### TASK MATERIAL

──────

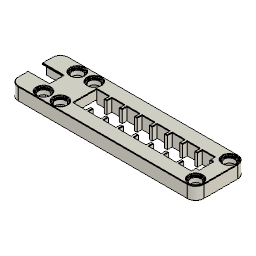
Mltplxr Chassis (Autodesk Fusion 360 design; units mm, degrees)
Autodesk Fusion 360 part; units mm, degrees
sketch "Skizze1" plane through (0, 0, 0) normal (0, 0, 1) x (1, 0, 0)
  line L0 (-39.6596, 9.8) -> (41.2404, 9.8)
  line L1 (41.2404, 9.8) -> (41.2404, -10.6)
  line L2 (41.2404, -10.6) -> (-39.6596, -10.6)
  line L3 (-39.6596, -10.6) -> (-39.6596, 9.8)
  line L4 (-39.6596, 4.85) -> (-29.1596, 4.85)
  line L5 (-29.1596, 4.85) -> (-29.1596, -5.65)
  line L6 (-29.1596, -5.65) -> (-39.6596, -5.65)
  line L7 (-39.6596, -5.65) -> (-39.6596, 4.85)
  line L8 (33.2404, 5.1) -> (39.0404, 5.1)
  line L9 (39.0404, 5.1) -> (39.0404, -5.9)
  line L10 (39.0404, -5.9) -> (33.2404, -5.9)
  line L11 (33.2404, -5.9) -> (33.2404, 5.1)
  line L12 (31.8975, 5.1) -> (31.8975, -5.9)
  line L13 (31.8975, -5.9) -> (26.0975, -5.9)
  line L14 (26.0975, 5.1) -> (31.8975, 5.1)
  line L15 (26.0975, -5.9) -> (26.0975, 5.1)
  line L16 (24.7547, 5.1) -> (24.7547, -5.9)
  line L17 (24.7547, -5.9) -> (18.9547, -5.9)
  line L18 (18.9547, 5.1) -> (24.7547, 5.1)
  line L19 (18.9547, -5.9) -> (18.9547, 5.1)
  line L20 (17.6118, 5.1) -> (17.6118, -5.9)
  line L21 (17.6118, -5.9) -> (11.8118, -5.9)
  line L22 (11.8118, 5.1) -> (17.6118, 5.1)
  line L23 (11.8118, -5.9) -> (11.8118, 5.1)
  line L24 (10.469, 5.1) -> (10.469, -5.9)
  line L25 (10.469, -5.9) -> (4.669, -5.9)
  line L26 (4.669, 5.1) -> (10.469, 5.1)
  line L27 (4.669, -5.9) -> (4.669, 5.1)
  line L28 (3.3261, 5.1) -> (3.3261, -5.9)
  line L29 (3.3261, -5.9) -> (-2.4739, -5.9)
  line L30 (-2.4739, 5.1) -> (3.3261, 5.1)
  line L31 (-2.4739, -5.9) -> (-2.4739, 5.1)
  line L32 (-3.8167, 5.1) -> (-3.8167, -5.9)
  line L33 (-3.8167, -5.9) -> (-9.6167, -5.9)
  line L34 (-9.6167, 5.1) -> (-3.8167, 5.1)
  line L35 (-9.6167, -5.9) -> (-9.6167, 5.1)
  line L36 (-10.9596, 5.1) -> (-10.9596, -5.9)
  line L37 (-10.9596, -5.9) -> (-16.7596, -5.9)
  line L38 (-16.7596, 5.1) -> (-10.9596, 5.1)
  line L39 (-16.7596, -5.9) -> (-16.7596, 5.1)
  line L40 (39.0404, 2.85) -> (40.5404, 2.85)
  line L41 (40.5404, 2.85) -> (40.5404, -3.65)
  line L42 (40.5404, -3.65) -> (39.0404, -3.65)
  line L43 (31.8975, 2.85) -> (33.3975, 2.85)
  line L44 (33.3975, -3.65) -> (31.8975, -3.65)
  line L45 (24.7547, 2.85) -> (26.2547, 2.85)
  line L46 (26.2547, -3.65) -> (24.7547, -3.65)
  line L47 (17.6118, 2.85) -> (19.1118, 2.85)
  line L48 (19.1118, -3.65) -> (17.6118, -3.65)
  line L49 (10.469, 2.85) -> (11.969, 2.85)
  line L50 (11.969, -3.65) -> (10.469, -3.65)
  line L51 (3.3261, 2.85) -> (4.8261, 2.85)
  line L52 (4.8261, -3.65) -> (3.3261, -3.65)
  line L53 (-3.8167, 2.85) -> (-2.3167, 2.85)
  line L54 (-2.3167, -3.65) -> (-3.8167, -3.65)
  line L55 (-10.9596, 2.85) -> (-9.4596, 2.85)
  line L56 (-9.4596, -3.65) -> (-10.9596, -3.65)
  line L57 (-39.6596, 2.85) -> (-30.2596, 2.85)
  line L58 (-30.2596, 2.85) -> (-30.2596, -3.65)
  line L59 (-30.2596, -3.65) -> (-39.6596, -3.65)
  arc A0 (-11.4096, 9.8) -> (-6.9096, 9.8) centre (-9.1596, 9.8) ccw
  arc A1 (-30.8596, 9.8) -> (-28.8596, 9.8) centre (-29.8596, 9.8) ccw
  arc A2 (9.0404, 9.8) -> (11.0404, 9.8) centre (10.0404, 9.8) ccw
  arc A3 (28.8404, 9.8) -> (32.8404, 9.8) centre (30.8404, 9.8) ccw
  line L60 (53, -0.4) -> (55.6063, -0.4)
  arc A4 (-28.8596, -10.6) -> (-30.8596, -10.6) centre (-29.8596, -10.6) ccw
  arc A5 (-6.9096, -10.6) -> (-11.4096, -10.6) centre (-9.1596, -10.6) ccw
  arc A6 (11.0404, -10.6) -> (9.0404, -10.6) centre (10.0404, -10.6) ccw
  arc A7 (32.8404, -10.6) -> (28.8404, -10.6) centre (30.8404, -10.6) ccw
  circle A8 centre (41.2404, -0.4) radius 1
  arc A9 (41.2404, -2.4) -> (41.2404, 1.6) centre (41.2404, -0.4) ccw
  line L61 (-29.1596, 8.8) -> (-16.7596, 8.8)
  line L62 (-16.7596, 8.8) -> (-16.7596, -9.6)
  line L63 (-16.7596, -9.6) -> (-29.1596, -9.6)
  line L64 (-29.1596, -9.6) -> (-29.1596, 8.8)
  dimension "d3" = -50
  dimension "d4" = 0
  dimension "d6" = 11
  dimension "d9" = 10.5
  dimension "d10" = 5.8
  dimension "d11" = 1.3429
  dimension "d71" = 6.5
  dimension "d72" = 2.25
  dimension "d73" = 2.25
  dimension "d88" = 6.5
  dimension "d89" = 9.4
  dimension "d93" = 10.5
  dimension "d112" = 2
  dimension "d113" = 4.5
  dimension "d116" = 2
  dimension "d120" = 4
  dimension "d128" = 20.4
  dimension "d130" = 10.2
  dimension "d131" = 20.4
  dimension "d132" = 20.4
  dimension "d133" = 20.4
  dimension "d134" = 20.4
  dimension "d135" = 4.7
  dimension "d136" = 4.7
  dimension "d146" = 4.95
  dimension "d147" = 4.95
  dimension "d148" = 6.95
  dimension "d149" = 6.95
  dimension "d151" = 1.5
  dimension "d152" = 2.2
  dimension "d198" = 4
  dimension "d199" = 2
  dimension "d204" = 1
  dimension "d205" = 1
  dimension "d214" = 9.8
  dimension "d229" = 80.9
  constraint horizontal L0
  constraint vertical L1
  constraint horizontal L2
  constraint vertical L3
  constraint horizontal L4
  constraint vertical L5
  constraint horizontal L6
  constraint vertical L7
  constraint horizontal L8
  constraint vertical L9
  constraint horizontal L10
  constraint vertical L11
  constraint coincident L9 L40.start
  constraint perpendicular L9 L40
  constraint perpendicular L40 L41
  constraint coincident L9 L42.end
  constraint perpendicular L9 L42
  constraint coincident L3 L57.start
  constraint coincident L7 L57.start
  constraint perpendicular L7 L57
  constraint perpendicular L56 L58
  constraint coincident L7 L59.end
  constraint coincident L0 A0.end
  constraint coincident L0 A0.start
  constraint coincident L0 A1.end
  constraint coincident L0 A1.start
  constraint coincident L0 A2.end
  constraint coincident L0 A2.start
  constraint coincident L0 A3.end
  constraint coincident L0 A3.start
  constraint perpendicular L1 L60
  constraint symmetric A0.end L60 A5.start
  constraint symmetric A0.start L60 A5.end
  constraint symmetric A0 L60 A5
  constraint symmetric A1.end L60 A4.start
  constraint symmetric A1.start L60 A4.end
  constraint symmetric A1 L60 A4
  constraint symmetric A2.end L60 A6.start
  constraint symmetric A2.start L60 A6.end
  constraint symmetric A2 L60 A6
  constraint symmetric A3.end L60 A7.start
  constraint symmetric A3.start L60 A7.end
  constraint symmetric A3 L60 A7
  constraint horizontal L59
  constraint midpoint L1 A8.centre
  constraint concentric A8 A9
  constraint coincident L1 A9.end
  constraint coincident L1 A9.start
  constraint horizontal L61
  constraint vertical L62
  constraint horizontal L63
  constraint vertical L64
  measures "d6" distance of L8 L10
  measures "d9" distance of L4 L6
  measures "d10" distance of L9 L11
  measures "d11" distance of L11 L12
  measures "d71" distance of L40.end L41.end
  measures "d72" distance of L8 L40
  measures "d73" distance of L10 L42
  measures "d88" distance of L57.end L58.end
  measures "d89" distance of L57.start L57.end
  measures "d93" distance of L4.start L4.end
  measures "d112" diameter of A1
  measures "d113" diameter of A0
  measures "d116" diameter of A2
  measures "d120" diameter of A3
  measures "d128" distance of L0 L2
  measures "d130" distance of L2 L60
  measures "d131" distance of L2 A1.centre
  measures "d132" distance of L2 A0.centre
  measures "d133" distance of L2 A2.centre
  measures "d134" distance of L2 A3.centre
  measures "d135" distance of L0 L18
  measures "d136" distance of L2 L13
  measures "d146" distance of L0 L4
  measures "d147" distance of L2 L6
  measures "d148" distance of L0 L57
  measures "d149" distance of L2 L59
  measures "d151" distance of L9 L41
  measures "d152" distance of L1 L9
  measures "d198" diameter of A9
  measures "d199" diameter of A8
  measures "d204" distance of L0 L61
  measures "d205" distance of L2 L63
  measures "d214" distance of L0.start A1.centre
  measures "d229" distance of L1.end L2.end
sketch "Skizze2" plane through (0, 0, 0) normal (0, 0, 1) x (1, 0, 0)
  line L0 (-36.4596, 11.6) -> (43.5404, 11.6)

──────

### TASK TO COMPLETE
Word for word, restate the lines from the first line of the material through the line containing "line L3 (-39.6596, -10.6)", with the pictures left out.

### TASK ANSWER
Mltplxr Chassis (Autodesk Fusion 360 design; units mm, degrees)
Autodesk Fusion 360 part; units mm, degrees
sketch "Skizze1" plane through (0, 0, 0) normal (0, 0, 1) x (1, 0, 0)
  line L0 (-39.6596, 9.8) -> (41.2404, 9.8)
  line L1 (41.2404, 9.8) -> (41.2404, -10.6)
  line L2 (41.2404, -10.6) -> (-39.6596, -10.6)
  line L3 (-39.6596, -10.6) -> (-39.6596, 9.8)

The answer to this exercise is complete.